How Amazon Ruined My Christmas: A Lesson In Downtime

Here's how Amazon ruined* my Christmas: after devouring a lovely rib roast with a porcini-spinach stuffing (recipe here in case your stomach is now growling), we all curled up on the couch with hot cocoa, turned on Netflix streaming to watch classic Christmas movies (and past Doctor Who Christmas Specials)... only to get an error message. That's right, in case you missed it, Netflix was down on Christmas Eve and Christmas Day in North America for many users due to issues with Amazon's Elastic Load Balancing (ELB) service in the US East region. It's interesting to note, that this is at least the third time issues with the ELB service has caused problems for Netflix, with each time, the company making improvements to prevent this from happening again.

You might be thinking, "ruin" is a strong word to describe what happened to me (and many others) on Christmas Eve, but I use it to illustrate a point: even though this particular outage was probably not the most severe (in duration or number of customers impacted), it may well be the most costly for Netflix. Why? Because of TIMING. I've been saying for a while that timing and duration are more critical indicators of availability performance and impacts than looking at "nines" (99.99%, 99.999%, etc.). If this same outage had occurred just a day or two earlier, the impact would be significantly different. And unfortunately for Netflix, because of the timing, this is an outage that many customers will remember.

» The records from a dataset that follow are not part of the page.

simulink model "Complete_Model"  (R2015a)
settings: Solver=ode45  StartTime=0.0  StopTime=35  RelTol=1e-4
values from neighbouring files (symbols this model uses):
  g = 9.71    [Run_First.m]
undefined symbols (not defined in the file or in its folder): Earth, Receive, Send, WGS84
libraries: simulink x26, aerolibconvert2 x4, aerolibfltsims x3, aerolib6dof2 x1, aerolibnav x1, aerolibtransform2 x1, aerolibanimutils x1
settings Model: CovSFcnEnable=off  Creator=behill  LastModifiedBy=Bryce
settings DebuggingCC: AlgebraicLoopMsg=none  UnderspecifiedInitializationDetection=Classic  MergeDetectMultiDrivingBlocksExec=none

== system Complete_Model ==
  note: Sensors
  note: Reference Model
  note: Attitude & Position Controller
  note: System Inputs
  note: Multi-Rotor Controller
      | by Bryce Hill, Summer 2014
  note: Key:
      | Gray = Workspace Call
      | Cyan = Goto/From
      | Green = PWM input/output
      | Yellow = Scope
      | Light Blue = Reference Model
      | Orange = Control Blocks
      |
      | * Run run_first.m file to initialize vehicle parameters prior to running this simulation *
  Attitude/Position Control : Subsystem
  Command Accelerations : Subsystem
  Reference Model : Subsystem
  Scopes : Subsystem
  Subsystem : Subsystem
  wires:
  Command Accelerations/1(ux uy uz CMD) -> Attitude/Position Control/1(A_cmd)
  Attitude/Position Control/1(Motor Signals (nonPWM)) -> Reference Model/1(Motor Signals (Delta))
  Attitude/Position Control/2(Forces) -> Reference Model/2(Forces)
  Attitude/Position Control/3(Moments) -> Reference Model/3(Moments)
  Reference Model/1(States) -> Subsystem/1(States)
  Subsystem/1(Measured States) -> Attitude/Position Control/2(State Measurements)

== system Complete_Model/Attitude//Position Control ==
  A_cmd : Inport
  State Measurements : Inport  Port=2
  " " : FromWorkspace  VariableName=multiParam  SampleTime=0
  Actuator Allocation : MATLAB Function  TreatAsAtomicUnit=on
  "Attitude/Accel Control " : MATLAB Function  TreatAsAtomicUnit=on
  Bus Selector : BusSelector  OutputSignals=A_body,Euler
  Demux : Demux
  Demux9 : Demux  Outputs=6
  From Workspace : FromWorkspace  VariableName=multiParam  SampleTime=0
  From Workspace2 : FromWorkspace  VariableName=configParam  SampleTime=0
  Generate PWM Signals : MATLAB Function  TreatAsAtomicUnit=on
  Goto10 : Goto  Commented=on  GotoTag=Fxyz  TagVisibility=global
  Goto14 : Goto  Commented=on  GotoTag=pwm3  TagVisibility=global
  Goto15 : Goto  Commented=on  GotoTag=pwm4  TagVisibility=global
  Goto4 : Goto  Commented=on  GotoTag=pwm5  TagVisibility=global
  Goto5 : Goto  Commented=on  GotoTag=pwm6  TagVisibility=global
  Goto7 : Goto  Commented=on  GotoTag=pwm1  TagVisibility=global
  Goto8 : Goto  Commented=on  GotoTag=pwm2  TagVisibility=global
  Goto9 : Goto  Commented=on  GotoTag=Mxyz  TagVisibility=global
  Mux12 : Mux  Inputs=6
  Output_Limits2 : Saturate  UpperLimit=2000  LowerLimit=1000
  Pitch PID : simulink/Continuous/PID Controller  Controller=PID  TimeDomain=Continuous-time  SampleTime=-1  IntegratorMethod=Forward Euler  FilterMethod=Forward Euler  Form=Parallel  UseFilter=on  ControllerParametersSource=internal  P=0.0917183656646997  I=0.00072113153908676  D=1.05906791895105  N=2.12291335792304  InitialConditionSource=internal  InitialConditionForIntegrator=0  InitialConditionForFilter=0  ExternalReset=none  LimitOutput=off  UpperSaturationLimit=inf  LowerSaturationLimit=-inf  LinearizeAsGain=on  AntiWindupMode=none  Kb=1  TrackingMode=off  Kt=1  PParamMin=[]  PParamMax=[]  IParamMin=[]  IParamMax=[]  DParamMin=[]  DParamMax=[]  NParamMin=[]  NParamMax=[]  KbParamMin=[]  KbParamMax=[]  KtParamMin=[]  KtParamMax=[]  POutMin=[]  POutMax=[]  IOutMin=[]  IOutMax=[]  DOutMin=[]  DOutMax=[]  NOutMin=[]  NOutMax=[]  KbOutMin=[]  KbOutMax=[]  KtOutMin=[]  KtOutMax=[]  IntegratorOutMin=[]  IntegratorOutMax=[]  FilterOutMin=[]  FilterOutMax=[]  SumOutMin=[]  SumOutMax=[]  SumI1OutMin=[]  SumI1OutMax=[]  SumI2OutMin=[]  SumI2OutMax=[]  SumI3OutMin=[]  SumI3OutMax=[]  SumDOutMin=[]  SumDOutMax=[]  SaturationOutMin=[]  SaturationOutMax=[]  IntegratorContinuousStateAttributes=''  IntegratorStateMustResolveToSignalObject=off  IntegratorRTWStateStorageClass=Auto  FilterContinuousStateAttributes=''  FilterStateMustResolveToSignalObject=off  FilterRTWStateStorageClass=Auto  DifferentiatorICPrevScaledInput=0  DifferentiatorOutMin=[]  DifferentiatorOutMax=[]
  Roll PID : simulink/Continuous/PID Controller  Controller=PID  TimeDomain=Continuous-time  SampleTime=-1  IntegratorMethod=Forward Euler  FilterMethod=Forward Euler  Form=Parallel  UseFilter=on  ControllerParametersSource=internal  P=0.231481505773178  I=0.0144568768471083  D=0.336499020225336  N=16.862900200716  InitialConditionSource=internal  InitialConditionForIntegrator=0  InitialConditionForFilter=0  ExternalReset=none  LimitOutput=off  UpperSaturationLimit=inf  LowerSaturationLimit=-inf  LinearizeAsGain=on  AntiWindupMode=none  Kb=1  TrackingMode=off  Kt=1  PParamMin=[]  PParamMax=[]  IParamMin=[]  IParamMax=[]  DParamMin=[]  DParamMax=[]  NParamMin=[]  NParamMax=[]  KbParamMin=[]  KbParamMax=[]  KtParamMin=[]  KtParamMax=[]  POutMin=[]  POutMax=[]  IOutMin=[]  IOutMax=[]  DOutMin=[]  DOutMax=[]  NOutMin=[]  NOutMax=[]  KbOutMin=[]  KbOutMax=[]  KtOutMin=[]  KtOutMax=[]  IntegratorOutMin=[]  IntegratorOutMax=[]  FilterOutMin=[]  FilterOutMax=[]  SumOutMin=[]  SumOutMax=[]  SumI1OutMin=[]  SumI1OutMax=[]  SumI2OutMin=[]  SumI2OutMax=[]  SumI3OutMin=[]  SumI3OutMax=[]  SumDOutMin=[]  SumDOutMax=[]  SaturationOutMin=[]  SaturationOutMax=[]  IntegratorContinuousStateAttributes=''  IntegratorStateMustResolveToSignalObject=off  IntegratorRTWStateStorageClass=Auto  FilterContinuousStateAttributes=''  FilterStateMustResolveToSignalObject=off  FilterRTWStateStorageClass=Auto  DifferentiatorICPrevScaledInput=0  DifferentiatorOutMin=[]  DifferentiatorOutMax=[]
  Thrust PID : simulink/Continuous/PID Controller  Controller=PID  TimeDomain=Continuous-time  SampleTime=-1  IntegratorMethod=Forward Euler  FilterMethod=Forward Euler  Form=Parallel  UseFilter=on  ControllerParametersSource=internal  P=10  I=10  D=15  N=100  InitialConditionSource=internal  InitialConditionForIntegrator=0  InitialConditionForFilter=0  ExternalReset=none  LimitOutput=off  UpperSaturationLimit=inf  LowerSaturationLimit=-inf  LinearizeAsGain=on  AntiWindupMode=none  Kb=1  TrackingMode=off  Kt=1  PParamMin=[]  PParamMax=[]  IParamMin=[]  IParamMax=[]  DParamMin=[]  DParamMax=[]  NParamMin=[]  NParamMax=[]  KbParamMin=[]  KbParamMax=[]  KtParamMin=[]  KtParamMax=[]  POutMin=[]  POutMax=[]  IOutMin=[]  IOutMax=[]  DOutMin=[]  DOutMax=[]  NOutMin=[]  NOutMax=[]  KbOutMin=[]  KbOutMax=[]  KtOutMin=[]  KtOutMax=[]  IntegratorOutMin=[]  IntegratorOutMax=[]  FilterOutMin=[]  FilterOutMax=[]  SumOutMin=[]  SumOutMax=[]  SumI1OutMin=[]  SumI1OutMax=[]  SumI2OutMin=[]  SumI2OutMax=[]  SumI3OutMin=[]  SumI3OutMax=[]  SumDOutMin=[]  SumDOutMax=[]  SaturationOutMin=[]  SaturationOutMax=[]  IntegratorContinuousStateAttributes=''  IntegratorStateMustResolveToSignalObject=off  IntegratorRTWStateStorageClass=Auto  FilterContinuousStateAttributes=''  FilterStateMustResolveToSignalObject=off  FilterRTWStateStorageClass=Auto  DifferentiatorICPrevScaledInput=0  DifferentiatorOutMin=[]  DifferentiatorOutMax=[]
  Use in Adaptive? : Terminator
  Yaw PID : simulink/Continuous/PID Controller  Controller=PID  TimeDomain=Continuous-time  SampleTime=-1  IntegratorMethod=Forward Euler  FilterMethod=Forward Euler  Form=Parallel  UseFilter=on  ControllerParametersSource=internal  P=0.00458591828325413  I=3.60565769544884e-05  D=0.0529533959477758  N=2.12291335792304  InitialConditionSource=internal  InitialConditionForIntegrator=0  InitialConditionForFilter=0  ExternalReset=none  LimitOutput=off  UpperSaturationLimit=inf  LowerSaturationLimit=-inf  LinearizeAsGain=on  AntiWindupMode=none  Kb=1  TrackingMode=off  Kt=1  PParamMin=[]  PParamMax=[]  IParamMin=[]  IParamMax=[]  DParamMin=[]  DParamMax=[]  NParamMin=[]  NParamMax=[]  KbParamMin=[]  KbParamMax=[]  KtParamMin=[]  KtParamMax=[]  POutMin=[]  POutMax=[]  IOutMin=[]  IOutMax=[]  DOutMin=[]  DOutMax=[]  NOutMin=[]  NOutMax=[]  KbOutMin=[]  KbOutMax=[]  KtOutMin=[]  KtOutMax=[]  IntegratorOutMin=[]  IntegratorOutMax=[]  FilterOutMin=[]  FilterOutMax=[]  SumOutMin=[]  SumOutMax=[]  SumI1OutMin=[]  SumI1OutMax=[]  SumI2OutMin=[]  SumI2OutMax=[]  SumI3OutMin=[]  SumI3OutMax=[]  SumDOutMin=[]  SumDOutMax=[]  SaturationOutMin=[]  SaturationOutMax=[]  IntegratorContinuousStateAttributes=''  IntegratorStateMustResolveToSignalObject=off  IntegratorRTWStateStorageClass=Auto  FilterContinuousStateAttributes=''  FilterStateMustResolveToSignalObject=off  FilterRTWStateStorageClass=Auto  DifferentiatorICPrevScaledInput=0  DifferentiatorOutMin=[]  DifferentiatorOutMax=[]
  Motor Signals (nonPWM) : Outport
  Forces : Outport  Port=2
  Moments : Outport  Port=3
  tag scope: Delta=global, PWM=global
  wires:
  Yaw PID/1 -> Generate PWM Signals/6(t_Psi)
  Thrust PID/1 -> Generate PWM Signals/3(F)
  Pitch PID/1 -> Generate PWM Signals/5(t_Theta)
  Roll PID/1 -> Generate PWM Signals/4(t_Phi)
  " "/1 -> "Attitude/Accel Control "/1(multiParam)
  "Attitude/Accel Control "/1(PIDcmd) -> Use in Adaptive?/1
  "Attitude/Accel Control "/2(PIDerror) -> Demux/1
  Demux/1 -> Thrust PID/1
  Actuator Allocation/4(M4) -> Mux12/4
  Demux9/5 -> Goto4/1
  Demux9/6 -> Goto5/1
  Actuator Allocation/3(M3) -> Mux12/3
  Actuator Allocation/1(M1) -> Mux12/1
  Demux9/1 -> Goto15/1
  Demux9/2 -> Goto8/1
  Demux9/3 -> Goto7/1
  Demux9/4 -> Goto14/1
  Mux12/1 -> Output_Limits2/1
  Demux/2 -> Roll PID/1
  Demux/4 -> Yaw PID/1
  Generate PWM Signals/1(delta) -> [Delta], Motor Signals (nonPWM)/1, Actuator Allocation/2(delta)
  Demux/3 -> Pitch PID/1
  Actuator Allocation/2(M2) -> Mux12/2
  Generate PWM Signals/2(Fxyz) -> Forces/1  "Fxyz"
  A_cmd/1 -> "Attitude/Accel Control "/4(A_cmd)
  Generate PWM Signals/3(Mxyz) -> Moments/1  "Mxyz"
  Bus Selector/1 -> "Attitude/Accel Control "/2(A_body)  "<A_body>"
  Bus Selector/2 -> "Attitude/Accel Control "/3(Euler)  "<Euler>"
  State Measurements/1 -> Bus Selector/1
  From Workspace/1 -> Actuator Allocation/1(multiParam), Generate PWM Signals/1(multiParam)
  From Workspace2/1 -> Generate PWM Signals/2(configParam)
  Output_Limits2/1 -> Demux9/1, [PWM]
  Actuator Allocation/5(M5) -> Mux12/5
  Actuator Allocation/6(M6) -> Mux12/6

I write this not to be punitive towards Amazon or Netflix (or any of the other services that experienced downtime on the 24th/25th), but as a reminder/cautionary tale that:

  • Downtime will happen at the worst possible time. When designing continuity plans, it's prudent to hope for the best, but plan for the worst. Since the universe tends to be cruel and somewhat random, you may experience an outage at the worst possible time. Any calculations on the costs of downtime must account for this.
  • The cloud is not inherently resilient. Netflix is one of the most mature implementations of cloud resiliency that I have seen, and they still experience outages. You are responsible the for resiliency of the applications you deploy in the cloud, not your cloud provider. If you architect your applications to be able to withstand the loss of systems or sites (Netflix, for example, uses chaos monkeys and gorillas for this), you will be much more withstand failures from the cloud provider.
  • Don't take away my Doctor Who Christmas specials. Seriously, don't do it.

Happy Holidays Everyone!

*For those of you who missed my sarcastic note here, Netflix and Amazon did not in fact ruin my Christmas. Instead of watching movies, we did some old-fashioned things like reading, talking, playing board games.

Comments

I'm liking the way you put

I'm liking the way you put this, I did feel as if Netflix took a big chunk out of my holiday plans as well. I appreciate the spin you put on this as a reminder about downtime. With the new year right around the corner I hope it will be a nice reminder to think about your three bullet points (I mean two).

This company is bad news

I think your analysis is spot on. Timing is everything.

It was the last straw for me and I canceled our membership. In the hopes of one day getting a Netflix that employees & customers can actually like (like Apple) he's what they are doing wrong:

1) The product didn't work when I needed it most - Christmas Eve. Techie error message - no apology. Bad, bad, bad.
2) The CEO is an easy guy to hate. Between his practices on laying off employees quickly (fire don't fix), trying to say Facebook posts are public to all investors (get real), and doubling prices thinking no one will care (duh), I'm not a fan. At all. Yes Reed you. You're an ass. Not a good front man for the company. At all.
3) The Board just doubled his compensation for FY13. Toss the BOD as well. Tools.
4) Current titles I want are not stream-able yet on Netflix but are on Amazon. More than happy to PPV at Amazon. Who needs monthly fees for old content?

Rachel’s analysis definitely

Rachel’s analysis definitely rings true. Users - you and me included - expect constant availability, regardless of location or device, and nobody is happy when an app doesn’t deliver. But here’s the reality: we’ll continue to see outages until companies understand the scope of possible users at any moment is infinite. Planning for that scenario is the only way companies can really bypass downtime. While the timing of this Netflix outage was particularly unfortunate, there’s never a good time for an outage.

Paul Campaniello
www.ScaleBase.Com

Thank you for the awesum

Thank you for the awesum post.... it is full of informative facts!!

Nice Post!

This is a good one! I got to know a few things about amazon which I had no idea about.

Awesome post...!! thanks for

Awesome post...!! thanks for sharing this information with us.

Informative

Informative blog...!!
http://www.netdepot.com/

Interesting and true. Another

Interesting and true. Another aspect on this matter is the how information itself is provided. To have well structured, consistent and relevant information that is easy to find, search and filter once the current webpage or system has responded is also very important!